About Thomas D. Kühne
Current positions// Prof. Dr. Thomas Kühne is Professor of Computational Systems Science at the Dresden University of Technology (TUD) and since 2023 the Founding Director of CASUS – the Center for Advanced Systems Understanding in Görlitz/Saxony. He is the Vice Chairman of the Paderborn Center for Parallel Computing (PC2) and the recently founded Center for Sustainable Systems Design (CSSD). Furthermore, he is the Chairman of the NHR Atomistic Simulation Center and the NHR Center for Computational Physics and a member of the DFG Review Board. The computer scientists is a co-author of the open-source simulation package CP2K. His main research interests are the development of novel numerical methods and algorithms for chemical and physical processes and their implementation in the form of computer programs.

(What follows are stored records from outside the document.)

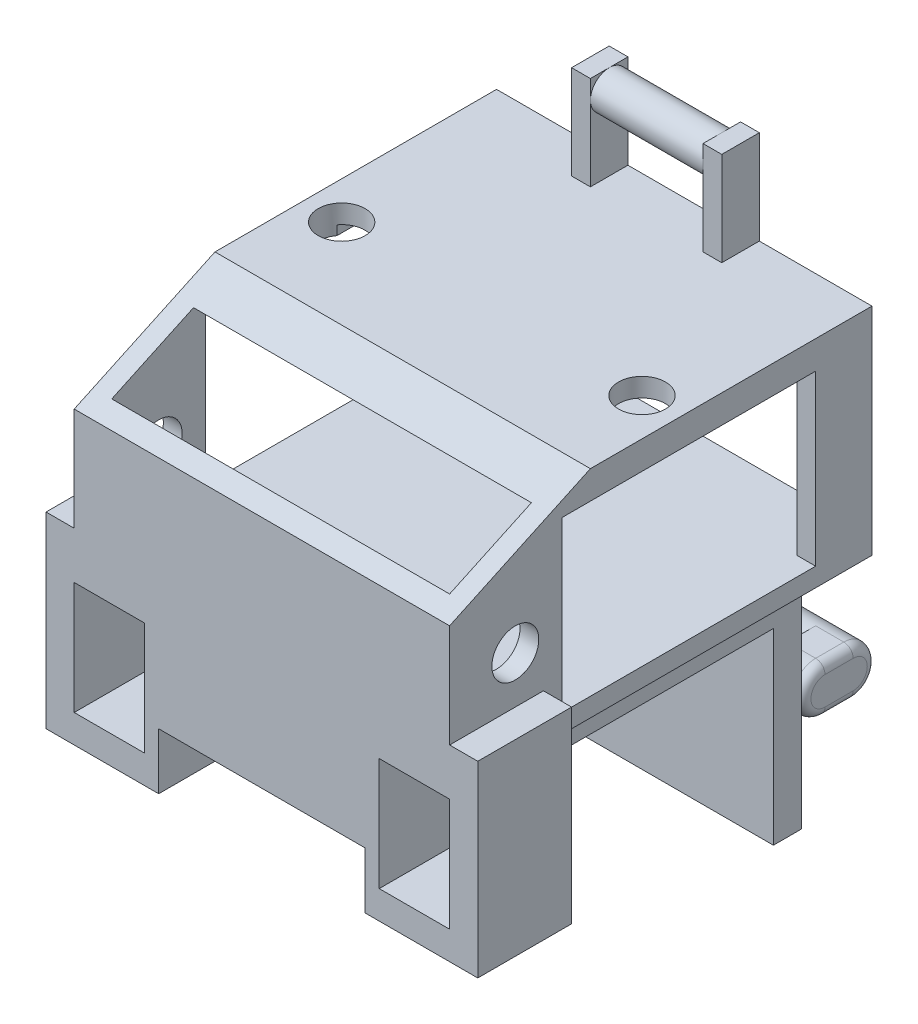
from build123d import *
from build123d.topology import SkipClean

# Parameters (mm, degrees)
SKETCH_1_W               = 25
SKETCH_1_H               = 42
EXTRUDE_1_DEPTH          = 9
SKETCH_2_W               = 25
SKETCH_2_H               = 29
EXTRUDE_2_DEPTH          = 3
SKETCH_3_W               = 40
SKETCH_3_H               = 45
EXTRUDE_3_DEPTH          = 23
SKETCH_4_W               = 36
SKETCH_4_H               = 19
CUT_EXTRUDE_1_DEPTH      = 43
SKETCH_6_W               = 10
SKETCH_6_H               = 20
EXTRUDE_4_DEPTH          = 3
SKETCH_7_W               = 9
SKETCH_7_H               = 10
EXTRUDE_5_DEPTH          = 3
SKETCH_8_W               = 2
SKETCH_8_H               = 4
EXTRUDE_6_DEPTH          = 10
EXTRUDE_7_REACH          = 70.044
SKETCH_9_R               = 2
SKETCH_10_R              = 2.5
CUT_EXTRUDE_2_DEPTH      = 76.08661665
SKETCH_11_R              = 2.5
EXTRUDE_8_DEPTH          = 9
SKETCH_12_R              = 2.5
EXTRUDE_9_DEPTH          = 7
EXTRUDE_10_DEPTH         = 4
FILLET_1_R               = 1
FILLET_1_OF_MIRROR_2_R   = 1
CUT_EXTRUDE_3_DEPTH      = 82.1372295
CUT_EXTRUDE_5_DEPTH      = 81.095255858
CUT_EXTRUDE_5_DEPTH_BACK = 81.095255858
SKETCH_19_W              = 27
SKETCH_19_H              = 18
CUT_EXTRUDE_6_DEPTH      = 84.273645356
CUT_EXTRUDE_6_DEPTH_BACK = 10
SKETCH_20_R              = 2.5
SKETCH_23_W              = 10
SKETCH_23_H              = 3
EXTRUDE_13_DEPTH         = 1.5


with BuildPart() as part:
    # ｽｹｯﾁ1 → ﾎﾞｽ - 押し出し1 (new body)
    with BuildSketch(Plane(origin=(0, 0, 0), x_dir=(1, 0, 0), z_dir=(0, 1, 0))):
        with Locations((12.5, 21)):
            Rectangle(SKETCH_1_W, SKETCH_1_H)
    extrude(amount=EXTRUDE_1_DEPTH)

    # ｽｹｯﾁ2 → ﾎﾞｽ - 押し出し2 (add)
    with BuildSketch(Plane(origin=(0, 0, -42), x_dir=(-1, 0, 0), z_dir=(0, 0, -1))):
        with Locations((-12.5, -5.5)):
            Rectangle(SKETCH_2_W, SKETCH_2_H)
    extrude(amount=EXTRUDE_2_DEPTH)

    # ｽｹｯﾁ3 → ﾎﾞｽ - 押し出し3 (add)
    with BuildSketch(Plane(origin=(0, 9, 0), x_dir=(1, 0, 0), z_dir=(0, 1, 0))):
        with Locations((12.5, 22.5)):
            Rectangle(SKETCH_3_W, SKETCH_3_H)
    extrude(amount=EXTRUDE_3_DEPTH)

    # ｽｹｯﾁ4 → ｶｯﾄ - 押し出し1 (cut)
    with BuildSketch(Plane(origin=(0, 0, -45), x_dir=(-1, 0, 0), z_dir=(0, 0, -1))):
        with Locations((-12.5, 20.5)):
            Rectangle(SKETCH_4_W, SKETCH_4_H)
    extrude(amount=-CUT_EXTRUDE_1_DEPTH, mode=Mode.SUBTRACT)

    # ｽｹｯﾁ6 → ﾎﾞｽ - 押し出し4 (add)
    with BuildSketch(Plane(origin=(32.5, 0, 0), x_dir=(0, 0, -1), z_dir=(1, 0, 0))):
        with Locations((5, 4)):
            Rectangle(SKETCH_6_W, SKETCH_6_H)
    extrude_4 = extrude(amount=EXTRUDE_4_DEPTH)

    # ｽｹｯﾁ7 → ﾎﾞｽ - 押し出し5 (add)
    with BuildSketch(Plane.XZ.offset(6)):
        with Locations((28, -5)):
            Rectangle(SKETCH_7_W, SKETCH_7_H)
    extrude_5 = extrude(amount=-EXTRUDE_5_DEPTH)

    # ﾐﾗｰ1: ﾎﾞｽ - 押し出し4, ﾎﾞｽ - 押し出し5 across plane
    add(extrude_4.mirror(Plane(origin=(12.5, 0, 0), x_dir=(0, 0, 1), z_dir=(1, 0, 0))))
    add(extrude_5.mirror(Plane(origin=(12.5, 0, 0), x_dir=(0, 0, 1), z_dir=(1, 0, 0))))

    # ｽｹｯﾁ8 → ﾎﾞｽ - 押し出し6 (add)
    with BuildSketch(Plane(origin=(0, 32, 0), x_dir=(1, 0, 0), z_dir=(0, 1, 0))):
        with Locations((5.5, 43)):
            Rectangle(SKETCH_8_W, SKETCH_8_H)
        with Locations((19.5, 43)):
            Rectangle(SKETCH_8_W, SKETCH_8_H)
    extrude(amount=EXTRUDE_6_DEPTH)

    # ｽｹｯﾁ9 → ﾎﾞｽ - 押し出し7 (add, up to next)
    with BuildSketch(Plane(origin=(6.5, 0, 0), x_dir=(0, 0, -1), z_dir=(1, 0, 0)), mode=Mode.PRIVATE) as extrude_7_sk1:
        with Locations((43, 40)):
            Circle(SKETCH_9_R)
    extrude_7_tool1 = extrude(extrude_7_sk1.sketch, amount=EXTRUDE_7_REACH, mode=Mode.PRIVATE) - part.part
    add(extrude_7_tool1.solids().sort_by_distance((6.5, 40, -43))[0])

    # ｽｹｯﾁ10 → ｶｯﾄ - 押し出し2 (cut, through all)
    with BuildSketch(Plane.ZY.offset(7.5)):
        with Locations((-7, 19)):
            Circle(SKETCH_10_R)
    extrude(amount=-CUT_EXTRUDE_2_DEPTH, mode=Mode.SUBTRACT)

    # ｽｹｯﾁ11 → ﾎﾞｽ - 押し出し8 (add)
    with BuildSketch(Plane(origin=(0, 0, -45), x_dir=(-1, 0, 0), z_dir=(0, 0, -1))):
        with Locations((-12.5, -10)):
            Circle(SKETCH_11_R)
    extrude(amount=EXTRUDE_8_DEPTH)

    # ｽｹｯﾁ12 → ﾎﾞｽ - 押し出し9 (add)
    with BuildSketch(Plane(origin=(12.5, 0, 0), x_dir=(0, 0, -1), z_dir=(1, 0, 0))):
        with Locations((52, -10)):
            Circle(SKETCH_12_R)
    extrude_9 = extrude(amount=EXTRUDE_9_DEPTH)

    # ｽｹｯﾁ13 → ﾎﾞｽ - 押し出し10 (add)
    with SkipClean():  # the faces are left unmerged after this step: merging them gives an invalid solid
        with BuildSketch(Plane(origin=(19.5, 0, 0), x_dir=(0, 0, -1), z_dir=(1, 0, 0))):
            with BuildLine():
                Line((52, -12.5), (49, -12.5))
                ThreePointArc((49, -12.5), (46.5, -10), (49, -7.5))
                Line((49, -7.5), (52, -7.5))
                ThreePointArc((52, -7.5), (54.5, -10), (52, -12.5))
            make_face()
        extrude_10 = extrude(amount=EXTRUDE_10_DEPTH)
    add(part.part.scale(1), mode=Mode.REPLACE)  # the faces are merged on a copy

    # ﾌｨﾚｯﾄ1
    fillet_1_edges = [part.edges().sort_by_distance(p)[0] for p in [
        (23.5, -12.5, -50.5),
        (23.5, -10, -46.5),
        (23.5, -7.5, -50.5),
        (23.5, -10, -54.5),
    ]]
    fillet(fillet_1_edges, radius=FILLET_1_R)

    # ﾐﾗｰ2: ﾎﾞｽ - 押し出し9, ﾎﾞｽ - 押し出し10 across plane
    add(extrude_9.mirror(Plane(origin=(12.5, 0, 0), x_dir=(0, 0, 1), z_dir=(1, 0, 0))))
    add(extrude_10.mirror(Plane(origin=(12.5, 0, 0), x_dir=(0, 0, 1), z_dir=(1, 0, 0))))

    # ﾌｨﾚｯﾄ1 of ﾐﾗｰ2
    fillet_1_of_mirror_2_edges = [part.edges().sort_by_distance(p)[0] for p in [
        (1.5, -12.5, -50.5),
        (1.5, -10, -46.5),
        (1.5, -7.5, -50.5),
        (1.5, -10, -54.5),
    ]]
    fillet(fillet_1_of_mirror_2_edges, radius=FILLET_1_OF_MIRROR_2_R)

    # ｽｹｯﾁ14 → ｶｯﾄ - 押し出し3 (cut, through all)
    with BuildSketch(Plane.ZY.offset(7.5)):
        Polygon((-15, 32), (0, 25), (0, 32), align=None)
    extrude(amount=-CUT_EXTRUDE_3_DEPTH, mode=Mode.SUBTRACT)

    # ｽｹｯﾁ19 → ｶｯﾄ - 押し出し5 (cut, two sides: drawn at the far end of the back side and taken through both)
    with BuildSketch(Plane.ZY.offset(-30.5).offset(-CUT_EXTRUDE_5_DEPTH_BACK)):
        with Locations((-25.5, 20)):
            Rectangle(SKETCH_19_W, SKETCH_19_H)
    extrude(amount=CUT_EXTRUDE_5_DEPTH + CUT_EXTRUDE_5_DEPTH_BACK, mode=Mode.SUBTRACT)

    # ｽｹｯﾁ20 → ｶｯﾄ - 押し出し6 (cut, two sides: drawn at the far end of the back side and taken through both)
    with BuildSketch(Plane(origin=(0, 32, 0), x_dir=(1, 0, 0), z_dir=(0, 1, 0)).offset(-CUT_EXTRUDE_6_DEPTH_BACK)):
        with Locations((-3.5, 24.5)):
            Circle(SKETCH_20_R)
        with Locations((28.5, 24.5)):
            Circle(SKETCH_20_R)
    extrude(amount=CUT_EXTRUDE_6_DEPTH + CUT_EXTRUDE_6_DEPTH_BACK, mode=Mode.SUBTRACT)

    # ｽｹｯﾁ23 → ﾎﾞｽ - 押し出し13 (add)
    with BuildSketch(Plane.ZY.offset(-23.5)):
        with Locations((-5, -1.5)):
            Rectangle(SKETCH_23_W, SKETCH_23_H)
    extrude_13 = extrude(amount=-EXTRUDE_13_DEPTH)

    # ﾐﾗｰ3: ﾎﾞｽ - 押し出し13 across plane
    add(extrude_13.mirror(Plane(origin=(12.5, 0, 0), x_dir=(0, 0, 1), z_dir=(1, 0, 0))))


solid = part.part

CV// In September 2018, Thomas D. Kühne took over the Chair for Theoretical Chemistry at the University of Paderborn, where he had held the professorship for Theoretical Interface Chemistry since 2014. From 2010 until he moved to Paderborn, Thomas D. Kühne was a junior professor for Theoretical Chemistry at the Johannes Gutenberg University in Mainz. After studying computer science, computational sciences and completing his doctorate in theoretical physics at the ETH Zurich in 2008, Kühne worked for a year as a postdoc at Harvard University. His research to date has focused primarily on the investigation of complex systems in condensed phases using computational methods, in particular aqueous systems such as water interfaces or biologically relevant reactions in water solutions. Kühne has published more than 150 publications in professional journals and holds a Starting Grant from the European Research Council.